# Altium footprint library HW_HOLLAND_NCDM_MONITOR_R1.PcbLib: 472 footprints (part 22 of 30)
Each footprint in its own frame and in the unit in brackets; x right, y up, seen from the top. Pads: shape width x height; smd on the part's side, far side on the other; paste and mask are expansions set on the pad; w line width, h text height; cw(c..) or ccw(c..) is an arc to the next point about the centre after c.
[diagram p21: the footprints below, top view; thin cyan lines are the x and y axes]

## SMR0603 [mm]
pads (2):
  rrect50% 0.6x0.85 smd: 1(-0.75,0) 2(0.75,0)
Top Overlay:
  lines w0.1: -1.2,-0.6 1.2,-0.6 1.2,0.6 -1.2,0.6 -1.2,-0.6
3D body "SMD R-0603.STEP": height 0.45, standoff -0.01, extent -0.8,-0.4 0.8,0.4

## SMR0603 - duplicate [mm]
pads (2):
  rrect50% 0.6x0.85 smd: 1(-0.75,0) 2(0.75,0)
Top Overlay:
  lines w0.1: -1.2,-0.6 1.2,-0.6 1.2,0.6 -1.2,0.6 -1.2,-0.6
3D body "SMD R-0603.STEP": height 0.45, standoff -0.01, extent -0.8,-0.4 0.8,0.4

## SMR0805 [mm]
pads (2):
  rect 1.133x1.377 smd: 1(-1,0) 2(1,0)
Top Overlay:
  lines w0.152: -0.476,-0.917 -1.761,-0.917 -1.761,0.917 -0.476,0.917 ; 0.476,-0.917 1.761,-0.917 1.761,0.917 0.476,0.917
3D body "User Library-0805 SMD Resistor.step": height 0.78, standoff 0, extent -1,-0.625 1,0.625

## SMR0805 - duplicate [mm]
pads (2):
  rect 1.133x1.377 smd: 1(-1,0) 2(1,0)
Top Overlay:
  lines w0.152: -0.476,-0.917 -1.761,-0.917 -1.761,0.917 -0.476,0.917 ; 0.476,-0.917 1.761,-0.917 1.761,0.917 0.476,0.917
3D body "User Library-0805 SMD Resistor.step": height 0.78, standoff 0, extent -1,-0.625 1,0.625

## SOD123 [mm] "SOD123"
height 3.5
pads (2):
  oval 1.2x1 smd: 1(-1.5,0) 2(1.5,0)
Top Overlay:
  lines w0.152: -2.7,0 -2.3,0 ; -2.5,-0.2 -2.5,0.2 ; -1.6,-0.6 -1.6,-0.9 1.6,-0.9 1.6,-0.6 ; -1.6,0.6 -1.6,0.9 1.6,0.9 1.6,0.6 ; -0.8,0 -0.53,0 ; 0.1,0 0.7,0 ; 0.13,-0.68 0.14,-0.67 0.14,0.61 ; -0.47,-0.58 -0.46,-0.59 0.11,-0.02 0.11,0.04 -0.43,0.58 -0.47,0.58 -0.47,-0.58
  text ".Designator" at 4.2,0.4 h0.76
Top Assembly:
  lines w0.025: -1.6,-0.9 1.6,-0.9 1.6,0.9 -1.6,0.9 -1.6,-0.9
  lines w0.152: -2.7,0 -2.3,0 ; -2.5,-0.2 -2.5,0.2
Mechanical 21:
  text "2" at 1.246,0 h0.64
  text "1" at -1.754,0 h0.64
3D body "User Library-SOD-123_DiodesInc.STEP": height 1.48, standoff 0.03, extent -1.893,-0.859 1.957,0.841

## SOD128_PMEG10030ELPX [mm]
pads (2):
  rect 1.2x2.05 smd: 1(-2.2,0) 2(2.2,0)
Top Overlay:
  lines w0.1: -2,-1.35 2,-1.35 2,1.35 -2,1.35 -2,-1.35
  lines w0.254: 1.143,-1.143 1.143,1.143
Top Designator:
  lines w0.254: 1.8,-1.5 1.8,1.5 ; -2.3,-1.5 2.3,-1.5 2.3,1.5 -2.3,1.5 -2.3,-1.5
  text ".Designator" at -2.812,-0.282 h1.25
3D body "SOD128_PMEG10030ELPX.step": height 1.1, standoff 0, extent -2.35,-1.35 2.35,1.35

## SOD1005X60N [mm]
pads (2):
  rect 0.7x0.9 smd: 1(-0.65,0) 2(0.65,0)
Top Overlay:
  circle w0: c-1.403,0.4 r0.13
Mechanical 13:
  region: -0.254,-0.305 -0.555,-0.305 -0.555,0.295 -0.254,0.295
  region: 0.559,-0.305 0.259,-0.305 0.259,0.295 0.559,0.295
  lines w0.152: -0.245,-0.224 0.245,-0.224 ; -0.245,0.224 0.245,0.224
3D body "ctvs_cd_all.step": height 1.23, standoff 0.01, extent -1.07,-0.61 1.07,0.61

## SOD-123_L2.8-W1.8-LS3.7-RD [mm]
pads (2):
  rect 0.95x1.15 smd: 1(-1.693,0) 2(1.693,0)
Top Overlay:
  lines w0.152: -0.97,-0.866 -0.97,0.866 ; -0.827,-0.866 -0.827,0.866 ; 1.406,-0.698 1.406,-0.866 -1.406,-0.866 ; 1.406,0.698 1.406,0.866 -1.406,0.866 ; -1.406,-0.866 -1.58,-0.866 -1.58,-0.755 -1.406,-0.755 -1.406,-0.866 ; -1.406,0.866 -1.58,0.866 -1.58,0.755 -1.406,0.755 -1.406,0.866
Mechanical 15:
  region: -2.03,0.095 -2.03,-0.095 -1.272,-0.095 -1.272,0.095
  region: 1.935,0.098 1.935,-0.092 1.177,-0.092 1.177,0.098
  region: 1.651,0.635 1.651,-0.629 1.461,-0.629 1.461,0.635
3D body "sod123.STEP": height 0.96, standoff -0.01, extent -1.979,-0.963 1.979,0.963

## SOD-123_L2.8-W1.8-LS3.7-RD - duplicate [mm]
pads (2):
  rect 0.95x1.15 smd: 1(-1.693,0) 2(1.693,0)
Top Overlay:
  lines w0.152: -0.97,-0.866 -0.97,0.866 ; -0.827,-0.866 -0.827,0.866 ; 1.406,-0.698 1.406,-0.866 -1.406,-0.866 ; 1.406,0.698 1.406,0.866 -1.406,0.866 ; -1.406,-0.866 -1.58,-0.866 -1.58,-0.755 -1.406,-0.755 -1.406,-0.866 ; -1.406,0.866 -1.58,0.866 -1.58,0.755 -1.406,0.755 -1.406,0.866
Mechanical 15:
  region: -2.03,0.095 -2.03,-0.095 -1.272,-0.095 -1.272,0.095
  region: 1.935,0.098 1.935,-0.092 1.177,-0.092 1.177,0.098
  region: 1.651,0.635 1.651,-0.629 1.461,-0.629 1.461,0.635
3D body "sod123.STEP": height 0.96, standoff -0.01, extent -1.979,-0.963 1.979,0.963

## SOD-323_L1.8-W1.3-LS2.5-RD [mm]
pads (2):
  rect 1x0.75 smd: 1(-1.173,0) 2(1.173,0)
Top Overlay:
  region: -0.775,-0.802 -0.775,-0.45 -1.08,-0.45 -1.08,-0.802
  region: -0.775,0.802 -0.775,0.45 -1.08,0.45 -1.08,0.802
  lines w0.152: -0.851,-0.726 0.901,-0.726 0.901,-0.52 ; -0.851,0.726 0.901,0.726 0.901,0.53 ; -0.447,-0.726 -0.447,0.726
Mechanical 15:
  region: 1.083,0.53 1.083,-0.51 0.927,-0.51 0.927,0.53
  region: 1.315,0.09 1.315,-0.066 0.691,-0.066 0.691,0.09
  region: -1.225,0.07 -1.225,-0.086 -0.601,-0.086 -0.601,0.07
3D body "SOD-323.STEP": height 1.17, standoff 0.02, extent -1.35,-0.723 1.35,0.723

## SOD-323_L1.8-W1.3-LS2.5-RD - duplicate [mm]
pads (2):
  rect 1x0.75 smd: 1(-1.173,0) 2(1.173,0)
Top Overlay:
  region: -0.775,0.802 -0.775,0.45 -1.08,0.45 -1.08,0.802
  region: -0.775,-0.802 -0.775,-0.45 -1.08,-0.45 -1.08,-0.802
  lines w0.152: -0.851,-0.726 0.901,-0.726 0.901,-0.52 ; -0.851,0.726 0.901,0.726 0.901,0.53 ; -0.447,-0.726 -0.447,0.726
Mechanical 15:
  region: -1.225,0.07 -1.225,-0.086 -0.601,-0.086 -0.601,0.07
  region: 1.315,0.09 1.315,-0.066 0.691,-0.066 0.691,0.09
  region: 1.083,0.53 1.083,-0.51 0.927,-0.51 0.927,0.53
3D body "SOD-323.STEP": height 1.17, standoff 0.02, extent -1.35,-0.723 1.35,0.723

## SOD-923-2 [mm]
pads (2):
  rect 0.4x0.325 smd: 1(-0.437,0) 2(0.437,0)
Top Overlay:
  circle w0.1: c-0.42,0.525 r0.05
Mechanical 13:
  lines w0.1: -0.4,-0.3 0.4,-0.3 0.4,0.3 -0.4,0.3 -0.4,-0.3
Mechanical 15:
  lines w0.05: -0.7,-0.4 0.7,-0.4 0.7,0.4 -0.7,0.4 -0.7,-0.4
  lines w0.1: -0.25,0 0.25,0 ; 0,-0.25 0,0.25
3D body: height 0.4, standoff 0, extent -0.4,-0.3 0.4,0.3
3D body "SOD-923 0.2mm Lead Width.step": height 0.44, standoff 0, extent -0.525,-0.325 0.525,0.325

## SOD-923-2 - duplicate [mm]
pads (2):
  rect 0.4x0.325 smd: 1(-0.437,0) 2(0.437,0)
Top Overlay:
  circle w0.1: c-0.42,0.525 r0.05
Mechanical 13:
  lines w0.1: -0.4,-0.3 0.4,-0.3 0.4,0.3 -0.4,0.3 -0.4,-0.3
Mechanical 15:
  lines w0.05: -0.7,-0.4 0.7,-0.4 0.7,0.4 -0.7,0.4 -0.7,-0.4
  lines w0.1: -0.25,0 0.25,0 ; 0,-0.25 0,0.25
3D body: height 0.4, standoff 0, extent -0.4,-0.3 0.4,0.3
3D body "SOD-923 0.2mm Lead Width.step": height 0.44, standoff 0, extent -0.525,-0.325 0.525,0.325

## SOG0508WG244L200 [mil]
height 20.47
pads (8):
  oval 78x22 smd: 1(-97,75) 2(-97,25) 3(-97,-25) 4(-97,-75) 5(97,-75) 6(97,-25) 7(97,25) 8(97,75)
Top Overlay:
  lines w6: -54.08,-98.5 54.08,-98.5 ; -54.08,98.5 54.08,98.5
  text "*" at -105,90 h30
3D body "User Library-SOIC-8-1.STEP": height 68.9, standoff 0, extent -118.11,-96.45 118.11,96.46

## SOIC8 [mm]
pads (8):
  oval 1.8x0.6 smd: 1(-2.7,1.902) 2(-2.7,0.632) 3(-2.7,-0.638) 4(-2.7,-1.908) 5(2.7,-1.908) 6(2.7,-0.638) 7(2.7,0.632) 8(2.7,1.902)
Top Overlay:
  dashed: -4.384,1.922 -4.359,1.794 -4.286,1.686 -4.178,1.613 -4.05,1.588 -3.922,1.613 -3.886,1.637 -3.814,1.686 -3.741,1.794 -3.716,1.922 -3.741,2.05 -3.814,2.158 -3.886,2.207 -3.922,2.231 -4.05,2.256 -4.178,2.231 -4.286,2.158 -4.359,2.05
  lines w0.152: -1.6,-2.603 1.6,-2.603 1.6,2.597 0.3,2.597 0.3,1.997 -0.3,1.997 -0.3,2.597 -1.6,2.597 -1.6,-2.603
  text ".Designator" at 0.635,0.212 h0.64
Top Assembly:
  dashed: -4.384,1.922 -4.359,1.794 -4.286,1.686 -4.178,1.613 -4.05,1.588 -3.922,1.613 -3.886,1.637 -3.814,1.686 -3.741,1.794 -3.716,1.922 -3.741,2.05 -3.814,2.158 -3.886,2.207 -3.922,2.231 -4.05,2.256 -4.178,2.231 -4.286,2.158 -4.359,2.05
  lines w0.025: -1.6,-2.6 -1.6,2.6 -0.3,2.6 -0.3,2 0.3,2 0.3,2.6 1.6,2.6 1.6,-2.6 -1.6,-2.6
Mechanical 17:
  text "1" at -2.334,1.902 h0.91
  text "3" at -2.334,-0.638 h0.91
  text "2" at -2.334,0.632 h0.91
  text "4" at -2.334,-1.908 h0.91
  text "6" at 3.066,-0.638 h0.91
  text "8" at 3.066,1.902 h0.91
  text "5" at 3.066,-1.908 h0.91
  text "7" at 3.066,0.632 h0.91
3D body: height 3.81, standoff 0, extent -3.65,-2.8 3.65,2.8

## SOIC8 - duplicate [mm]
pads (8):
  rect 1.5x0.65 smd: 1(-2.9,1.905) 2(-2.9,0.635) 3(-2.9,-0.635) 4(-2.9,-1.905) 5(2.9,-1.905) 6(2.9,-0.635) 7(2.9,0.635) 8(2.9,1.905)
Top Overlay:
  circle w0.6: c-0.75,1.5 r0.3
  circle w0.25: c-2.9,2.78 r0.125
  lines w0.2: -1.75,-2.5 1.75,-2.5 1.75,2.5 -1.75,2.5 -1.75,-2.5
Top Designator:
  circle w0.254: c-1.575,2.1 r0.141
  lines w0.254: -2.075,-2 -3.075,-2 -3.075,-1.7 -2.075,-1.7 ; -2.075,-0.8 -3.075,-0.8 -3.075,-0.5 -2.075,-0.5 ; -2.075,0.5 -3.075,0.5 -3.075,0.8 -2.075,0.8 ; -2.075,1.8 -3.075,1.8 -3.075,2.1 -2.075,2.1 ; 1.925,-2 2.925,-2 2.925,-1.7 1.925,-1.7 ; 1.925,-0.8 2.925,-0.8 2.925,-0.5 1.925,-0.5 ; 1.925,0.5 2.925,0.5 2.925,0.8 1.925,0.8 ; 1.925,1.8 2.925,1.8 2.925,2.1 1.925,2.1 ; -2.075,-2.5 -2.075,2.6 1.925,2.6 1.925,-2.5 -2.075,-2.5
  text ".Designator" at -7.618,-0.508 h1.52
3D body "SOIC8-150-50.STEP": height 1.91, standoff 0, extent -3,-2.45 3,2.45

══════

§ Task to complete
Everything from the line containing "lines w0.1: -2,-1.35" through the line containing "region: -0.254,-0.305 -0.555,-0.305" in the material above should be retyped exactly, both ends included, and nothing more.

§ Your response
  lines w0.1: -2,-1.35 2,-1.35 2,1.35 -2,1.35 -2,-1.35
  lines w0.254: 1.143,-1.143 1.143,1.143
Top Designator:
  lines w0.254: 1.8,-1.5 1.8,1.5 ; -2.3,-1.5 2.3,-1.5 2.3,1.5 -2.3,1.5 -2.3,-1.5
  text ".Designator" at -2.812,-0.282 h1.25
3D body "SOD128_PMEG10030ELPX.step": height 1.1, standoff 0, extent -2.35,-1.35 2.35,1.35

## SOD1005X60N [mm]
pads (2):
  rect 0.7x0.9 smd: 1(-0.65,0) 2(0.65,0)
Top Overlay:
  circle w0: c-1.403,0.4 r0.13
Mechanical 13:
  region: -0.254,-0.305 -0.555,-0.305 -0.555,0.295 -0.254,0.295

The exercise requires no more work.